#### [TASK REQUIREMENTS]
The result should be every line in the data below that carries the string "lineweight".

(Stored records)
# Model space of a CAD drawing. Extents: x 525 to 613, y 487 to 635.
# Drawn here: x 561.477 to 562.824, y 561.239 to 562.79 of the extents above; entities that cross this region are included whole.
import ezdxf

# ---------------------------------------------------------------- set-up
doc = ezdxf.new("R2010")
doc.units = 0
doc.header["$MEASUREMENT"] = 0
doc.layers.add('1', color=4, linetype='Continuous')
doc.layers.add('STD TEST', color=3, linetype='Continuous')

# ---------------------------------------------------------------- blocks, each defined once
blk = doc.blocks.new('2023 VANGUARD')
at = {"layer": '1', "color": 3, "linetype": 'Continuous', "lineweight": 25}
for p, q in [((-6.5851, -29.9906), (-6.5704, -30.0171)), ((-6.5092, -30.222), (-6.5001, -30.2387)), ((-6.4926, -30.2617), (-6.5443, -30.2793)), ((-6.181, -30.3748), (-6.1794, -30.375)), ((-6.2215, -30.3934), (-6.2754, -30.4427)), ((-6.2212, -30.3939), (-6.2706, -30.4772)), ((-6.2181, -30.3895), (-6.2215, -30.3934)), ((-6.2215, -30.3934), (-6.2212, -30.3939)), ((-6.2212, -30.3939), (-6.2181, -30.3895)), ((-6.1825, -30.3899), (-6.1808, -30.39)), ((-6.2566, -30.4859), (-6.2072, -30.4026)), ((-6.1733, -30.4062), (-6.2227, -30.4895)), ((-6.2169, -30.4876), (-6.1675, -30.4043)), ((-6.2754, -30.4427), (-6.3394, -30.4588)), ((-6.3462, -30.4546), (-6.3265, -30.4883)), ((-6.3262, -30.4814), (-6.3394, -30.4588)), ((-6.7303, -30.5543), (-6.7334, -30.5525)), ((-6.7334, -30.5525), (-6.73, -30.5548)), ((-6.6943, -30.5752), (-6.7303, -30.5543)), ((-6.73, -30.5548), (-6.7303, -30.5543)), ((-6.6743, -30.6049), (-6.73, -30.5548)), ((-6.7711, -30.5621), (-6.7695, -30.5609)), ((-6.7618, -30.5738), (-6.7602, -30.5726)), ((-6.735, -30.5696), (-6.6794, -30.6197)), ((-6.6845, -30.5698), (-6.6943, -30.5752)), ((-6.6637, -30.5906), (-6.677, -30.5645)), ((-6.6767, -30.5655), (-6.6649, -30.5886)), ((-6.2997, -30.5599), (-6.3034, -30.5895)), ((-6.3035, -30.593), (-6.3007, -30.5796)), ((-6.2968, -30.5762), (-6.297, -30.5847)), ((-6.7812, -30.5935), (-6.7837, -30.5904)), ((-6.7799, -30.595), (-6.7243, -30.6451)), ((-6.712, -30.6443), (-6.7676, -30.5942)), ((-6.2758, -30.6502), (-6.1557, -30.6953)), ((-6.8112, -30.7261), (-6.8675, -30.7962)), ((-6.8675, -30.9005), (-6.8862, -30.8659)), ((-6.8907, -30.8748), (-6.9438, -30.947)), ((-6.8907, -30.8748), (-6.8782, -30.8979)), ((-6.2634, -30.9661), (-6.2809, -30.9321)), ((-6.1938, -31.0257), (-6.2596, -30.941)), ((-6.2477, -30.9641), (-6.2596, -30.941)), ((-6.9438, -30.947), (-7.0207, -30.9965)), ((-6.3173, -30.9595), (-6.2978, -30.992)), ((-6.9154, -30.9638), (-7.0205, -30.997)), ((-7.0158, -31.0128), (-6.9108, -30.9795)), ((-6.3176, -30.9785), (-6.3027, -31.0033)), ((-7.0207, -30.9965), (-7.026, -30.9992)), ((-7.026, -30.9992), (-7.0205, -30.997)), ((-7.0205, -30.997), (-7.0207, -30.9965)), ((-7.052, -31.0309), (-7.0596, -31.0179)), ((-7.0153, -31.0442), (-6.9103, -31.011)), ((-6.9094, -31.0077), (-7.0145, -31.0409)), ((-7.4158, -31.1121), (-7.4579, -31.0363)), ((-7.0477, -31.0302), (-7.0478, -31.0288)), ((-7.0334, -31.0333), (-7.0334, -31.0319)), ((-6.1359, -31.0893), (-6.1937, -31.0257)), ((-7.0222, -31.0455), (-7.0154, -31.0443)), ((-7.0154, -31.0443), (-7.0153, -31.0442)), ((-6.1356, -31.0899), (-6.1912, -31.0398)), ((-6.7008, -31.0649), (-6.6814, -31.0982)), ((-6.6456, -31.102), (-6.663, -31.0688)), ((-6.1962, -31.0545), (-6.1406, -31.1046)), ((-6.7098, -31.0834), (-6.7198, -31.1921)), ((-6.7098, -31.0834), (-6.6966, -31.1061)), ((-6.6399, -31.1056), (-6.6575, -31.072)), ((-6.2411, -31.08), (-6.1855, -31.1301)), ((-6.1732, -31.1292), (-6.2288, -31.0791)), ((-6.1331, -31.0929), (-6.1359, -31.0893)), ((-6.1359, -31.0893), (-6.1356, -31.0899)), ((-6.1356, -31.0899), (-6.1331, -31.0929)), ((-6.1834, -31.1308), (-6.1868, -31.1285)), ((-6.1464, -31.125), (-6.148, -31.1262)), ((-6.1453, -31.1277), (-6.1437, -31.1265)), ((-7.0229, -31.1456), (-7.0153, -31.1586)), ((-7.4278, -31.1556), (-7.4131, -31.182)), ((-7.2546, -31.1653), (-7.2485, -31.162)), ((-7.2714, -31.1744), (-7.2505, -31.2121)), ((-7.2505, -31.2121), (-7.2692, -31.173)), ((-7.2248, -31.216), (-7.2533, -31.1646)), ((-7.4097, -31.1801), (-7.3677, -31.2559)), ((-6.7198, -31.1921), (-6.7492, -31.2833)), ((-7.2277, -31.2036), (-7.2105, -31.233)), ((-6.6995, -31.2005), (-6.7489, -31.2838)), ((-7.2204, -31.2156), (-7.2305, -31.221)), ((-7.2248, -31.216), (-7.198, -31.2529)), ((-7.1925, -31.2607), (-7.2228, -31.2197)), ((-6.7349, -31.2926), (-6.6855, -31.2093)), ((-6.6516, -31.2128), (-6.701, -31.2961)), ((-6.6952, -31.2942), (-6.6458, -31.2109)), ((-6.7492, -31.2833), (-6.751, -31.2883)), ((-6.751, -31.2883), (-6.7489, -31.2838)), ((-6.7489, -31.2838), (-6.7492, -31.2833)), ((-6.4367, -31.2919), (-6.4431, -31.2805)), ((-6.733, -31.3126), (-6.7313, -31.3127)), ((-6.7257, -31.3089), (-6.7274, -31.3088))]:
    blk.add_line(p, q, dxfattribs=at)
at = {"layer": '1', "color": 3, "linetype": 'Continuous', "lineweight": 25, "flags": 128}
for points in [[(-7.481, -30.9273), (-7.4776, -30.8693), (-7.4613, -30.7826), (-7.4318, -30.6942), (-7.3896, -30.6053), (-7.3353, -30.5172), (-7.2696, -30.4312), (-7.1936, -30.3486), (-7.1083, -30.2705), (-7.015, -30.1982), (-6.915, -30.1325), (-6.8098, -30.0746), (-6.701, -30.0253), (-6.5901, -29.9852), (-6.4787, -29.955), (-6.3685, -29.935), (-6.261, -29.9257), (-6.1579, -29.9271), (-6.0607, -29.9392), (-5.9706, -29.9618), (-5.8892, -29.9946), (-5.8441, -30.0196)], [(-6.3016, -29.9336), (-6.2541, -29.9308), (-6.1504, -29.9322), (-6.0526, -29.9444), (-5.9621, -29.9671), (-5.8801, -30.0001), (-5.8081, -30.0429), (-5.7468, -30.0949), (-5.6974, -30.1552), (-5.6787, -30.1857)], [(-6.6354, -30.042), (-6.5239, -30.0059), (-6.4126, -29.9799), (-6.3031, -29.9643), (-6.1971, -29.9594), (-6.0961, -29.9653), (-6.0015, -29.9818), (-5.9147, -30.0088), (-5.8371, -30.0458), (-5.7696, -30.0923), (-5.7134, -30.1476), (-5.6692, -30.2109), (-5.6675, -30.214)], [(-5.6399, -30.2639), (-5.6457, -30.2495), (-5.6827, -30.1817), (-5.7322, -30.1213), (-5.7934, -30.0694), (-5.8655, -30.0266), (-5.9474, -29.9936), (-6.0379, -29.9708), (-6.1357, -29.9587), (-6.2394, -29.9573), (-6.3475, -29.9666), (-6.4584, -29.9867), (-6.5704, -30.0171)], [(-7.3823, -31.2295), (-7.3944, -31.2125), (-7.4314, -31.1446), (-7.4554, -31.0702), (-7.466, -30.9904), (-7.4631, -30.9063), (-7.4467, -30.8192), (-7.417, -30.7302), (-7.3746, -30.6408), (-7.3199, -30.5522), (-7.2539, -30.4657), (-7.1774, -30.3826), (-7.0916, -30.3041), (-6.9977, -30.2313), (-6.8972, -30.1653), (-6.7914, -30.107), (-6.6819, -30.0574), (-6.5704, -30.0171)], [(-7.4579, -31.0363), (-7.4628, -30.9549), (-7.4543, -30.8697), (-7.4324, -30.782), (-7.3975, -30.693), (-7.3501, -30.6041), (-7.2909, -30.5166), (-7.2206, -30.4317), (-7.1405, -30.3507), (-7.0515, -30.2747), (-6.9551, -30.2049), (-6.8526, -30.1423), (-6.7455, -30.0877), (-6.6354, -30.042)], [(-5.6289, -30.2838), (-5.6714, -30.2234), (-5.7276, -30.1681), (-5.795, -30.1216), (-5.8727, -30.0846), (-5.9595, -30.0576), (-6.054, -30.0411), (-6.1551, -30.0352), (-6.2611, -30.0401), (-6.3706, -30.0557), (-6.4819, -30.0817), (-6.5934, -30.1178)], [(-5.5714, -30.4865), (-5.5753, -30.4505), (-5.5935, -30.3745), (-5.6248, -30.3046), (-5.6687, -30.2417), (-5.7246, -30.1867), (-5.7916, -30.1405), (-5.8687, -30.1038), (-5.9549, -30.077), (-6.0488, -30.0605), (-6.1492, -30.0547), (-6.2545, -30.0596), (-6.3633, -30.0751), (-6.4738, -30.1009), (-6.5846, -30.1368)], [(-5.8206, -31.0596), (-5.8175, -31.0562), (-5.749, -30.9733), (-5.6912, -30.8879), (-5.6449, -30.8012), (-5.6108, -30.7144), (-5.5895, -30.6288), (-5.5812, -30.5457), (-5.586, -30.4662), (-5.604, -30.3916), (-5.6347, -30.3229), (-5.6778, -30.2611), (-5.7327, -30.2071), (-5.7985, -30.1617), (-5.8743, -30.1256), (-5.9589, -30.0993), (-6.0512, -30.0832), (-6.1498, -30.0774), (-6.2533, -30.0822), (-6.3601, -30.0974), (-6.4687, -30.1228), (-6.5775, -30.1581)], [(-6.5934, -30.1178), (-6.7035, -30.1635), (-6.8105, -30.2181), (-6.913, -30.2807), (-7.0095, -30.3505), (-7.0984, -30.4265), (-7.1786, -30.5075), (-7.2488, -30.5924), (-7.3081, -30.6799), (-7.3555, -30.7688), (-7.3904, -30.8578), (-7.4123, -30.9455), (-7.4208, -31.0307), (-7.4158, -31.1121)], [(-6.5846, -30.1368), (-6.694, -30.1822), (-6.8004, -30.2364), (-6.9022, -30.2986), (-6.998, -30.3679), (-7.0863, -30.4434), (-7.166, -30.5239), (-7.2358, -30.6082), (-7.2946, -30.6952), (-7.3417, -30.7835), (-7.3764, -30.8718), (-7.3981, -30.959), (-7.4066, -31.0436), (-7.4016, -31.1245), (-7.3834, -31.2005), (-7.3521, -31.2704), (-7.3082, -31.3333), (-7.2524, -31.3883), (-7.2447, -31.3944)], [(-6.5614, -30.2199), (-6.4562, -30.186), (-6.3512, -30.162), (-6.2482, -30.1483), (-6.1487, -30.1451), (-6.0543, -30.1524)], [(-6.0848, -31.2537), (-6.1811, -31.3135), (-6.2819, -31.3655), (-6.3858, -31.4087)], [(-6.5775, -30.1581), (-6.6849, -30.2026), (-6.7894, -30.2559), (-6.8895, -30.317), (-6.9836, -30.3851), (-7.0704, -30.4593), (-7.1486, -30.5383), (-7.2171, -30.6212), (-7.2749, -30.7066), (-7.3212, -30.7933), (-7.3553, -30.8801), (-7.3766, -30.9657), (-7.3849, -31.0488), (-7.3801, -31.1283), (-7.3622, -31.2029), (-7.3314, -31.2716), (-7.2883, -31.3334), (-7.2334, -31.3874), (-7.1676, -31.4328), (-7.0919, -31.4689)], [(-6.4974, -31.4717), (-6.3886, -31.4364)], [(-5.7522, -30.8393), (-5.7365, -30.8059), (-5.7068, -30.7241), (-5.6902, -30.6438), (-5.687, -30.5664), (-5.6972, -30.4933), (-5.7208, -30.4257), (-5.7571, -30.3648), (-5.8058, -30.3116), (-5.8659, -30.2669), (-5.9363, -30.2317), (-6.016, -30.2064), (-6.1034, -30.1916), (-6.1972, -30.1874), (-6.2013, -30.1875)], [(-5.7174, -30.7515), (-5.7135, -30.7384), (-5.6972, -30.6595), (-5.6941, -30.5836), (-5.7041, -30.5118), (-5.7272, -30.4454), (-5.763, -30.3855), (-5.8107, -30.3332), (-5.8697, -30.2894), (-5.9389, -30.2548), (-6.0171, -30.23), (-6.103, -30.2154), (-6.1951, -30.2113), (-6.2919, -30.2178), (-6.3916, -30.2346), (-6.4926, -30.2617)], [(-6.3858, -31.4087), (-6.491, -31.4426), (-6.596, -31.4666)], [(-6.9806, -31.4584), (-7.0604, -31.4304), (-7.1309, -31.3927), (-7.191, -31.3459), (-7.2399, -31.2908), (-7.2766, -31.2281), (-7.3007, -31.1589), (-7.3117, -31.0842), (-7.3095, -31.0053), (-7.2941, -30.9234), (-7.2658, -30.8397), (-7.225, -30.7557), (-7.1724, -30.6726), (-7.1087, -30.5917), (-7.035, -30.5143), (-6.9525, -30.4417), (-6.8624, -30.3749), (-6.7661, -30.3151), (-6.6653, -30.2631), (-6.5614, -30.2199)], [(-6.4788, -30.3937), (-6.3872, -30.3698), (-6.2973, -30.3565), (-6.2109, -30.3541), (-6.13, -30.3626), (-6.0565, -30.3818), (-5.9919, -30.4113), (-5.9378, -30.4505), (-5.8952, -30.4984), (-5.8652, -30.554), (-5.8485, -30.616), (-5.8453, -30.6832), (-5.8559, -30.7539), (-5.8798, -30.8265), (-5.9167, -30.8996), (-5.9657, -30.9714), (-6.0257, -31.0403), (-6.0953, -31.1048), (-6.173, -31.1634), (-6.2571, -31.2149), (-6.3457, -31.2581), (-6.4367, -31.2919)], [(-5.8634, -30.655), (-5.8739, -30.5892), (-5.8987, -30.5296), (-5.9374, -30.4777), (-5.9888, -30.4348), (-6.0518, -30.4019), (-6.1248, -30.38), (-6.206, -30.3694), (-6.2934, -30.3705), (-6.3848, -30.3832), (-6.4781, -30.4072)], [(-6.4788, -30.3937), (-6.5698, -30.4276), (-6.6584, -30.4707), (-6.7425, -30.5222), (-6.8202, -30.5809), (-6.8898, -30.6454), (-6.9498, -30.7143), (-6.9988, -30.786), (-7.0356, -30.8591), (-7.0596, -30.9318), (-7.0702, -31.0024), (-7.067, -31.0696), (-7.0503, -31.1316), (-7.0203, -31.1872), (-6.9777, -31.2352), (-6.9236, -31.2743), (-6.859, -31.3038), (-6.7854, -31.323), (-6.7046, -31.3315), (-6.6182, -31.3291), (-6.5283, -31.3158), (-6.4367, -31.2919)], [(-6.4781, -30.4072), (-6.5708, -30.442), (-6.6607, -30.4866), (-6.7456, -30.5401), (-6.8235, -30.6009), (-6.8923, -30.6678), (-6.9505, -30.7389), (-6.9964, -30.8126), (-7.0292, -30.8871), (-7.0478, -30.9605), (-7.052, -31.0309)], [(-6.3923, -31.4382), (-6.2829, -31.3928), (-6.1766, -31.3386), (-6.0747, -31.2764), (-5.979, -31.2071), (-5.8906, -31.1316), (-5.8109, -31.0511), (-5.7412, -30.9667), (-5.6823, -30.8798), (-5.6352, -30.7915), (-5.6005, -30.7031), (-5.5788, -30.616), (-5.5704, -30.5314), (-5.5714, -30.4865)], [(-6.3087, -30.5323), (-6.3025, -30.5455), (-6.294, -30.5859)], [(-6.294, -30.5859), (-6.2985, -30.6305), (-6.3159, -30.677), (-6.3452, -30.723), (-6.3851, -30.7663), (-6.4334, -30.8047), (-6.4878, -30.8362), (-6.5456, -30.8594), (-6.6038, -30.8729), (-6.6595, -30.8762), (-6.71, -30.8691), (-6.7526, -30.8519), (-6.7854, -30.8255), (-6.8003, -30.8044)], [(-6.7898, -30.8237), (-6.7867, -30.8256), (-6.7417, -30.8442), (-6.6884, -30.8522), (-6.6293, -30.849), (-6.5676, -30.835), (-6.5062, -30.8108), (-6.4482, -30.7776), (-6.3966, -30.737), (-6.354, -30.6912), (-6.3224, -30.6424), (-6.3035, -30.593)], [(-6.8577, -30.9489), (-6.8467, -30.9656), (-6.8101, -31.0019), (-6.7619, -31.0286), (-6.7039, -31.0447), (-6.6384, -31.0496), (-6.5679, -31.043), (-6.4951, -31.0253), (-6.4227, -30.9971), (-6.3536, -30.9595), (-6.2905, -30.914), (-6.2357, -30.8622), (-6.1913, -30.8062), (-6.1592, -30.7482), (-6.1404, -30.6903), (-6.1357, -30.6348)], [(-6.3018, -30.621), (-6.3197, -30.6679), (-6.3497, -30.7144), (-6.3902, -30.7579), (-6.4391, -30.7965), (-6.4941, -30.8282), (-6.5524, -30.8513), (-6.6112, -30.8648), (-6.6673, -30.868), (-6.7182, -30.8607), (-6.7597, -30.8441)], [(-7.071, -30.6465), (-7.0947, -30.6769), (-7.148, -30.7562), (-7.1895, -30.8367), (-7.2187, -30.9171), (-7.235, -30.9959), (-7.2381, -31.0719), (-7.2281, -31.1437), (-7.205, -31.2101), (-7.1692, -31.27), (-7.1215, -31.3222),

#### [FINAL ANSWER]
at = {"layer": '1', "color": 3, "linetype": 'Continuous', "lineweight": 25}
at = {"layer": '1', "color": 3, "linetype": 'Continuous', "lineweight": 25, "flags": 128}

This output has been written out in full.